### Work task
Among the entries below, one line contains "1) x (1, 0, 0)" and another contains "line L1 (-311.4675, -311.4675)". Transcribe those two lines and every line between them, exactly.

### Dataset
******************************

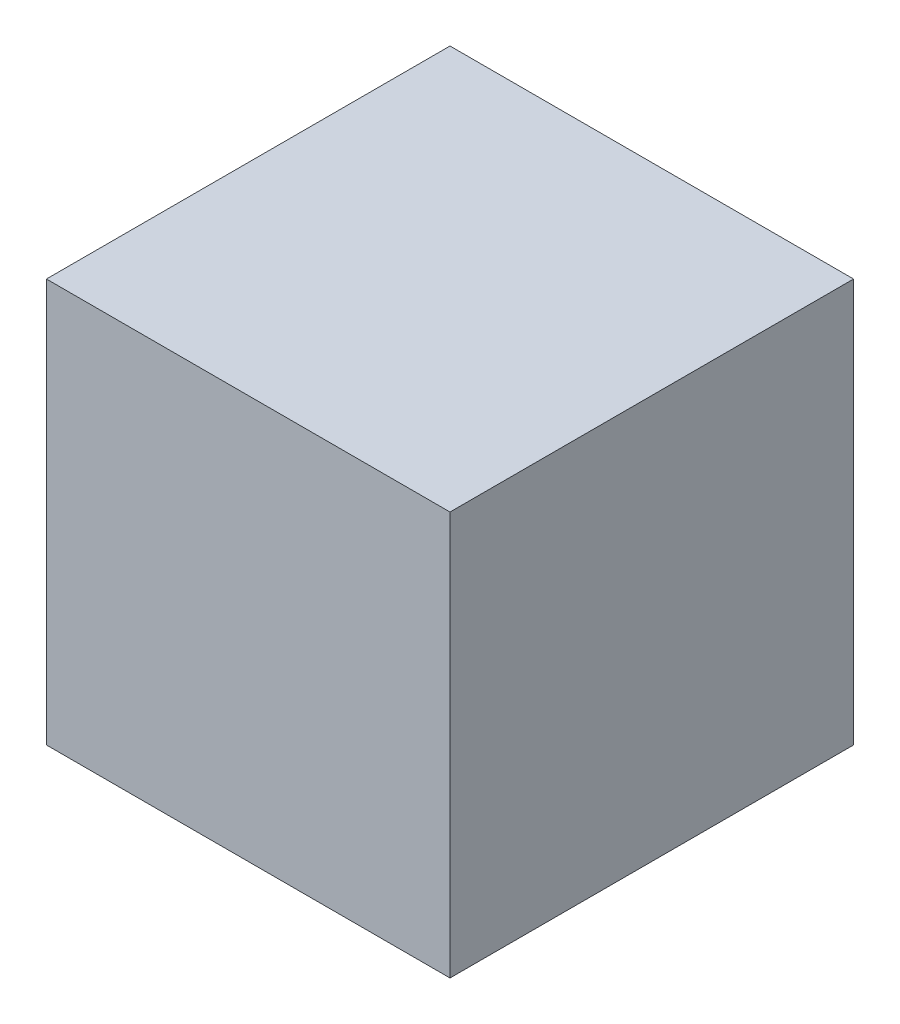
SolidWorks part; units mm, degrees
ref_plane "Front Plane" through (0, 0, 0) normal (0, 0, 1) x (1, 0, 0)
ref_plane "Top Plane" through (0, 0, 0) normal (0, 1, 0) x (1, 0, 0)
ref_plane "Right Plane" through (0, 0, 0) normal (1, 0, 0) x (0, 0, -1)
sketch "Sketch1" plane through (0, 0, 0) normal (1, 0, 0) x (0, 0, -1)
  line L1 (-311.4675, -311.4675) -> (311.4675, -311.4675)
  line L2 (-311.4675, -311.4675) -> (-311.4675, 311.4675)
  line L3 (-311.4675, 311.4675) -> (311.4675, 311.4675)
  line L4 (311.4675, -311.4675) -> (311.4675, 311.4675)
  line L5 (-311.4675, -311.4675) -> (311.4675, 311.4675) construction
  line L6 (-311.4675, 311.4675) -> (311.4675, -311.4675) construction
  point P0 (0, 0)
  dimension "Size" = 622.935
extrude "Boss-Extrude1" add sketch "Sketch1" along normal mid plane 622.935
equation "\"D1@Boss-Extrude1\" = \"Size@Sketch1\""

******************************

### Written answer
ref_plane "Front Plane" through (0, 0, 0) normal (0, 0, 1) x (1, 0, 0)
ref_plane "Top Plane" through (0, 0, 0) normal (0, 1, 0) x (1, 0, 0)
ref_plane "Right Plane" through (0, 0, 0) normal (1, 0, 0) x (0, 0, -1)
sketch "Sketch1" plane through (0, 0, 0) normal (1, 0, 0) x (0, 0, -1)
  line L1 (-311.4675, -311.4675) -> (311.4675, -311.4675)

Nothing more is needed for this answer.